If the ROTP route is not open, take a look at joining the reserves while you are in school. It's a great way for you to make some money while in school, will give you  a good understanding of what you want to do in the CF once you graduate and will greatly accelerate your career. You'll also be building time towards your pension!  

The other aspect to consider is what you want to do in the CF. If you want to be an officer you will need a degree at some point. If you want to be an NCM then a degree or a diploma is an asset although not necessarily required depending on the trade you want. There are a ton of threads on the difference between what officers and NCM's do in the CF if you want more information on this. 

Best of luck.


----------



## Greymatters (16 Nov 2009)

Petamocto said:
			
		

> 2.  If that route is not open, go to University instead of College.  Even if it's costs more, the CF will pay you far more money having a degree than a diploma (which to them is the same as having nothing).  Plus, while it may seem far away now, you'll make Major far faster with a degree than not, so over the course of your career you'll probably make $100,000+ more having a degree.

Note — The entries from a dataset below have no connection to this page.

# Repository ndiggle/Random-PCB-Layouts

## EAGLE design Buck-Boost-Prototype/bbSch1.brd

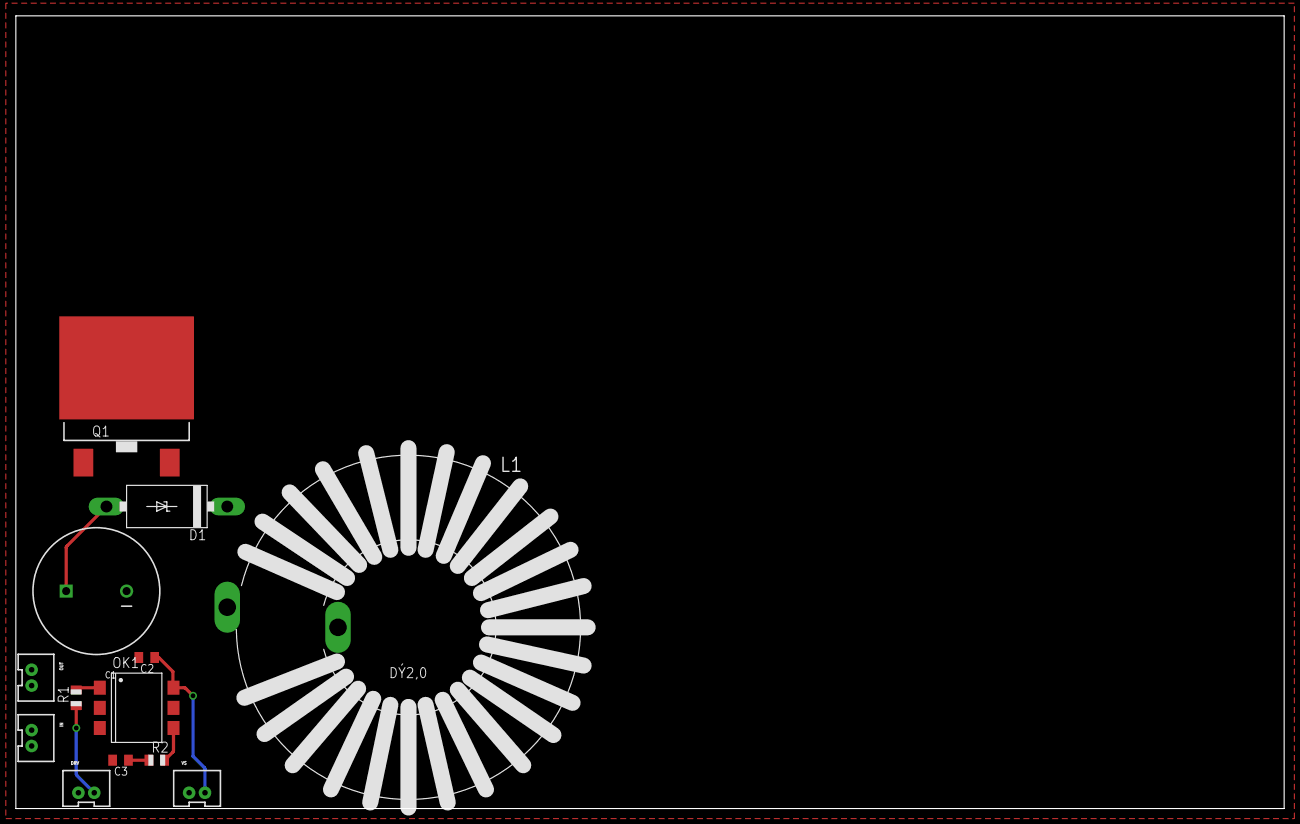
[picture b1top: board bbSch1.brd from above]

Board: 2 copper layers, 160.0 x 100.0 mm, 13 parts (0 on the bottom side), 9 nets.

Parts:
C1: 2000uF; CPOL-RADIAL-1000UF-63V
C2: 0.1uF; C0805K
C3: 10nF; C0805K
D1: C4111-15
DRV: JST-2-PTH-VERT
IN: JST-2-PTH-VERT
L1: 2700uH; RKE10
OK1: H11L1MS; DIL6-SMD
OUT: JST-2-PTH-VERT
Q1: IXGT6N170; TO268
R1: 1.6k; R0805
R2: 10; R0805
VS: JST-2-PTH-VERT

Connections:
+18V: C2.1, OK1.6, VS.2
GND: C1.2, C2.2, C3.2, DRV.1, IN.1, L1.2, OK1.2, OK1.5, OUT.1, VS.1
unnamed: OK1.1, R1.2
unnamed: D1.C, L1.1, Q1.E
unnamed: C3.1, R2.1
VDRIVE: DRV.2, R1.1
VDRIVE18: OK1.4, Q1.G, R2.2
VIN: IN.2, Q1.C@1, Q1.C@2
VOUT: C1.1, D1.A, OUT.2

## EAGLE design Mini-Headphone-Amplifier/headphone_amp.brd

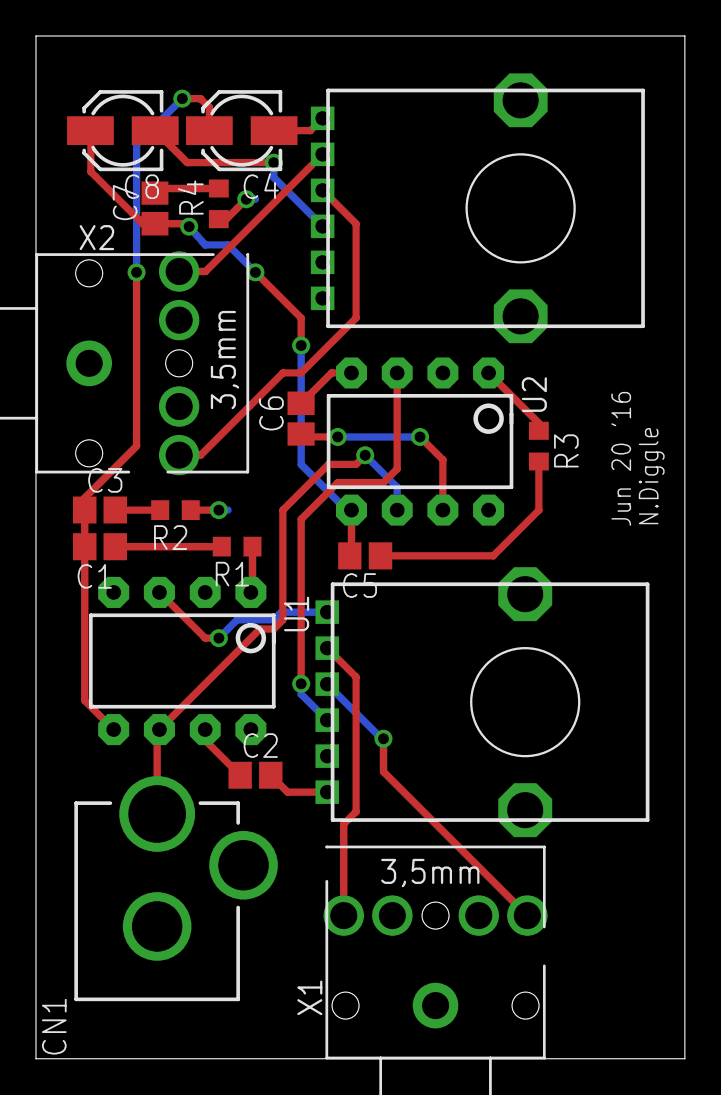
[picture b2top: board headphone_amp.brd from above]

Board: 2 copper layers, 36.0 x 56.8 mm, 19 parts (0 on the bottom side), 20 nets.

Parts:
C1, C2, C3, C5, C6, C7: C0805
C4, C8: 153CLV-0405
CN1: DCJACK_2MM_PTH
R1, R2, R3, R4: R0603
RV1, RV2: POT_PANASONIC_DUAL_VERT
U1, U2: LM386; DIP08
X1, X2: STEREOJACK; STX3100

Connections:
GND: C2.2, C6.2, CN1.GND, CN1.GNDBREAK, R2.1, R4.1, RV1.A3, RV1.B3, RV2.A3, RV2.B3, U1.2, U1.4, U2.2, U2.4, X1.1, X2.1
IN_L: RV1.A1, X1.2
IN_R: RV1.B1, X1.5
unnamed: C2.1, U1.7
unnamed: RV1.A2, U1.3
unnamed: R1.1, U1.1
unnamed: C1.1, R1.2
unnamed: C1.2, C3.1, C4.+, U1.5
unnamed: C3.2, R2.2
unnamed: C4.-, RV2.A2
unnamed: R3.1, U2.1
unnamed: RV1.B2, U2.3
unnamed: C5.1, R3.2
unnamed: C5.2, C7.1, C8.+, U2.5
unnamed: C6.1, U2.7
unnamed: C7.2, R4.2
unnamed: C8.-, RV2.B2
OUT_L: RV2.A1, X2.2
OUT_R: RV2.B1, X2.5
VCC: CN1.PWR, U1.6, U2.6

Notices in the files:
parts and their libraries:
SparkFun-Passives: Licensing: Creative Commons ShareAlike 4.0 International - https://creativecommons.org/licenses/by-sa/4.0
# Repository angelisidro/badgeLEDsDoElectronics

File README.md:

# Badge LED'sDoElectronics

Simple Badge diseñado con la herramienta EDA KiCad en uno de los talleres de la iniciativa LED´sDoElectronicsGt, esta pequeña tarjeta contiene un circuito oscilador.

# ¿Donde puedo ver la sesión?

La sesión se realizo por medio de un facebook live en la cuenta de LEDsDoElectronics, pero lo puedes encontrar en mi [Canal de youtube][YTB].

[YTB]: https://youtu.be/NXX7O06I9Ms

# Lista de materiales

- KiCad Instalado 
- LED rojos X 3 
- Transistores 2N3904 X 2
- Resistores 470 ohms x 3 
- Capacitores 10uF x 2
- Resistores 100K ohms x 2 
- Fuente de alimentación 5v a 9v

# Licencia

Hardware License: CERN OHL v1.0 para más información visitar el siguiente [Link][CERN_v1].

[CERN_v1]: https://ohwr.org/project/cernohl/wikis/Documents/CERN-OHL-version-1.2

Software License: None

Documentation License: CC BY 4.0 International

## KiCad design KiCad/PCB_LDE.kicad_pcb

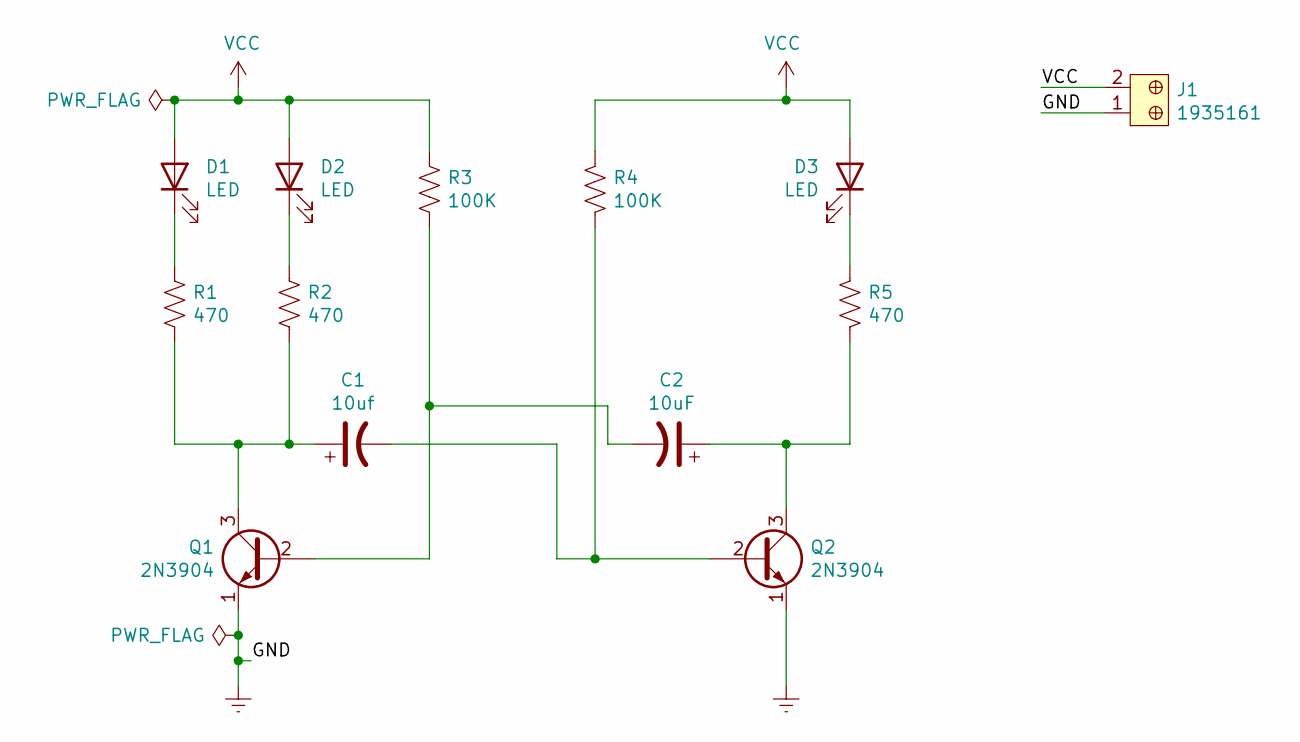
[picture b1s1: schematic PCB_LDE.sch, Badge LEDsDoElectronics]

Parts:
C1: 10uf; CP_Radial_D5.0mm_P2.50mm
C2: 10uF; CP_Radial_D5.0mm_P2.50mm
D1, D2, D3: LED; LED_D5.0mm
J1: 1935161; TerminalBlock_Altech_AK300-2_P5.00mm; MPN 1935161; Digi-Key_PN 277-1667-ND
Q1, Q2: 2N3904; TO-92_Inline
R1, R2, R5: 470; R_Axial_DIN0207_L6.3mm_D2.5mm_P7.62mm_Horizontal
R3, R4: 100K; R_Axial_DIN0207_L6.3mm_D2.5mm_P7.62mm_Horizontal

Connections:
Earth: J1.1, Q1.1 (E), Q2.1 (E)
unnamed: C1.1, Q1.3 (C), R1.2, R2.2
unnamed: C1.2, Q2.2 (B), R4.2
unnamed: C2.1, Q2.3 (C), R5.2
unnamed: C2.2, Q1.2 (B), R3.2
unnamed: D1.1 (K), R1.1
unnamed: D2.1 (K), R2.1
unnamed: D3.1 (K), R5.1
VCC: D1.2 (A), D2.2 (A), D3.2 (A), J1.2, R3.1, R4.1

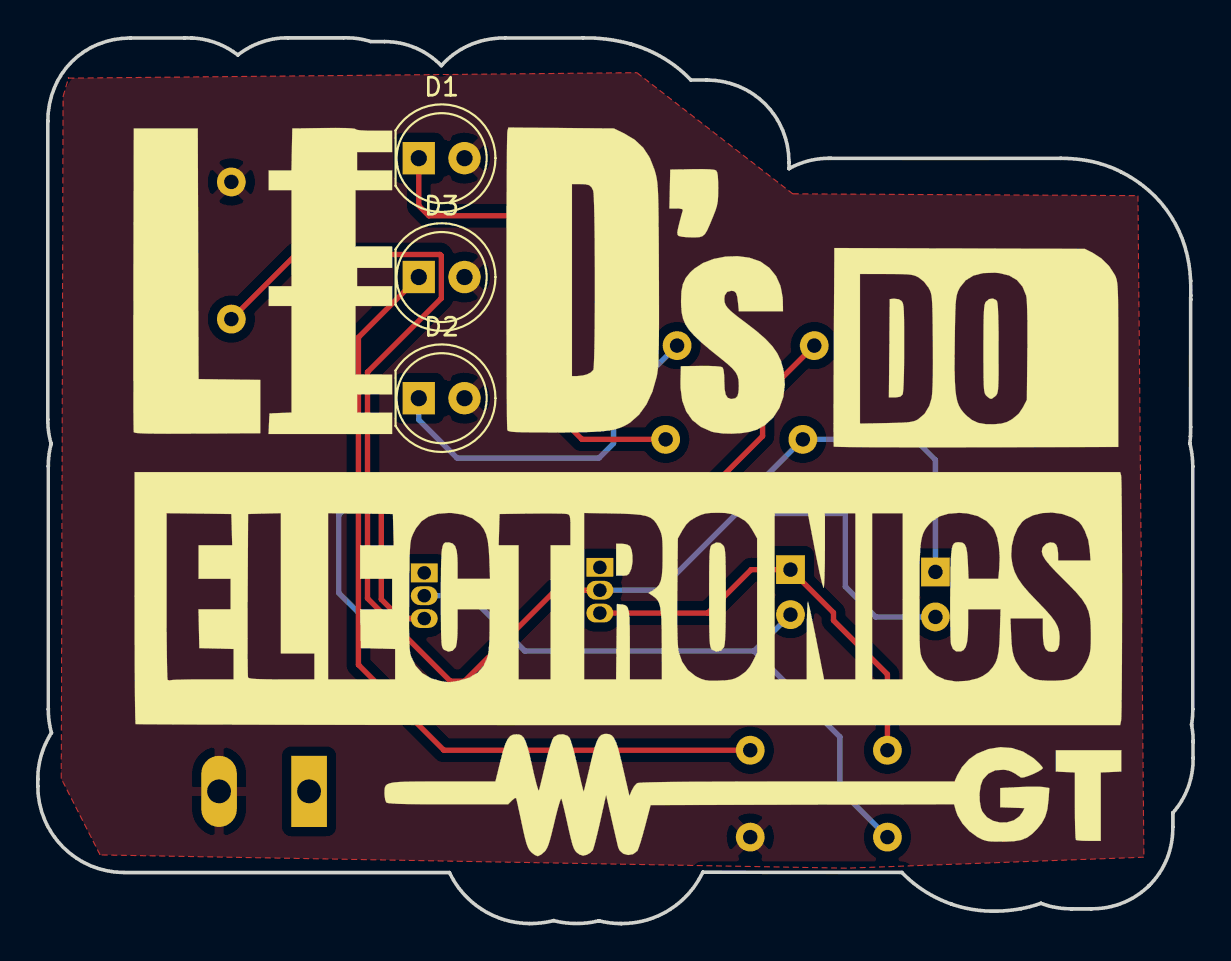
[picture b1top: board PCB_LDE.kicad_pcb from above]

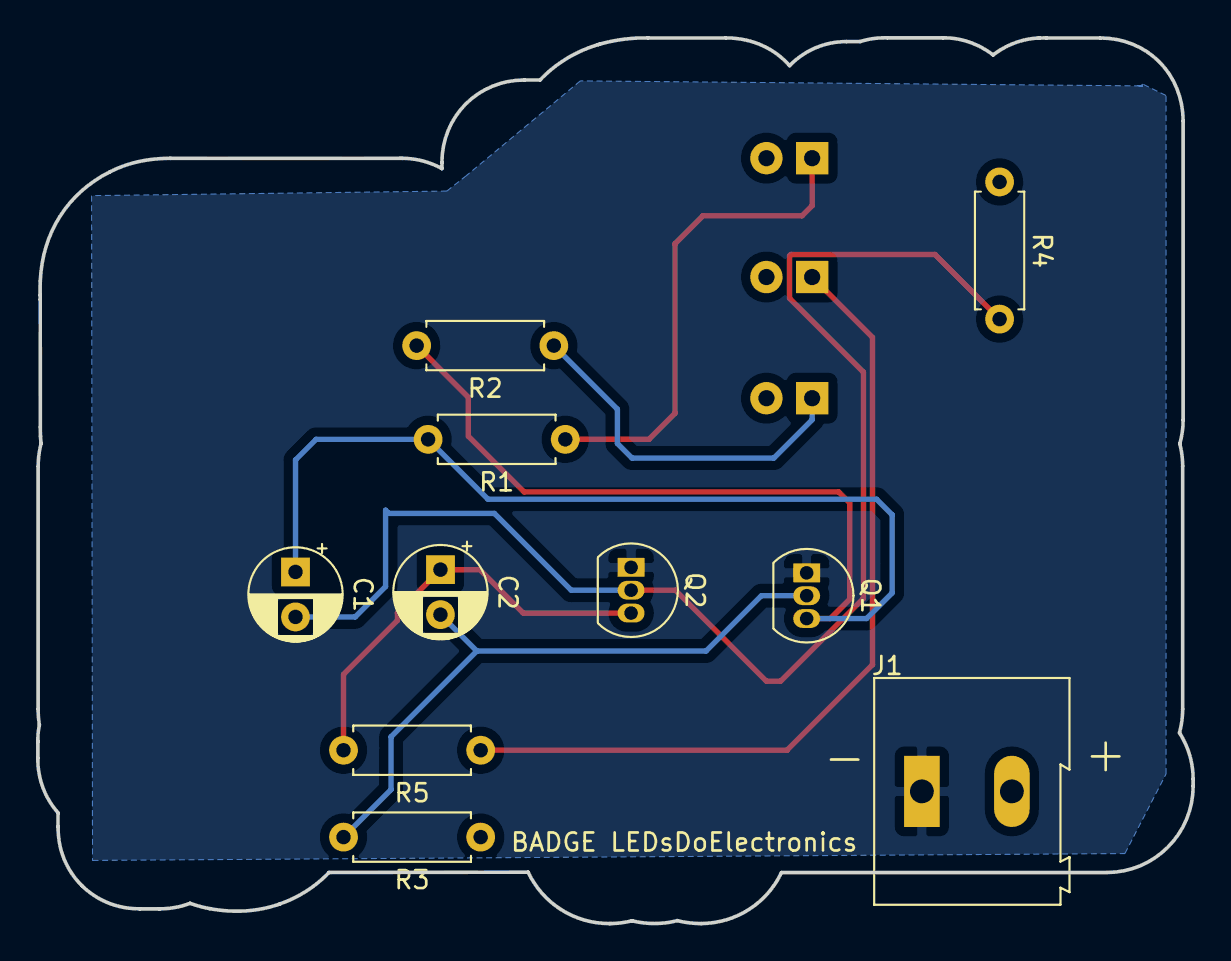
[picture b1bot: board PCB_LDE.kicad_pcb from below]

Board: 2 copper layers, 64.2 x 49.2 mm, 13 parts (10 on the bottom side), 9 nets.

Choosing post-secondary education should be basd on personal interest and employment opportunities, not how much the CF will pay you afterwards - it presumes that (a) the person will still be intereted in joining the CF after completing their education and (b) that you will pass the entrance process and subsequent courses!


----------



## FDO (17 Nov 2009)

Petamocto said:
			
		

> the CF will pay you far more money having a degree than a diploma (which to them is the same as having nothing).



Not sure how you figure that having a diploma means nothing to us. We will actually look at enroling an applicant as "semi-skilled with a diploma depending on what it's for. Yes it's an NCM position but it does mean something to us. It could mean promotion to Cpl/LS faster, more money in the form of Spec pay. I think you need to check your notes and stop giving out BS info to prospective applicants. Leave the info sesions to those of us actually in the info business. 

I believe the term is "Stay in your Lane"


----------



## Fishbone Jones (17 Nov 2009)




----------



## SeanNewman (18 Nov 2009)

FDO said:
			
		

> Not sure how you figure that having a diploma means nothing to us. We will actually look at enroling an applicant as "semi-skilled with a diploma depending on what it's for. Yes it's an NCM position but it does mean something to us. It could mean promotion to Cpl/LS faster, more money in the form of Spec pay. I think you need to check your notes and stop giving out BS info to prospective applicants. Leave the info sesions to those of us actually in the info business.
> 
> I believe the term is "Stay in your Lane"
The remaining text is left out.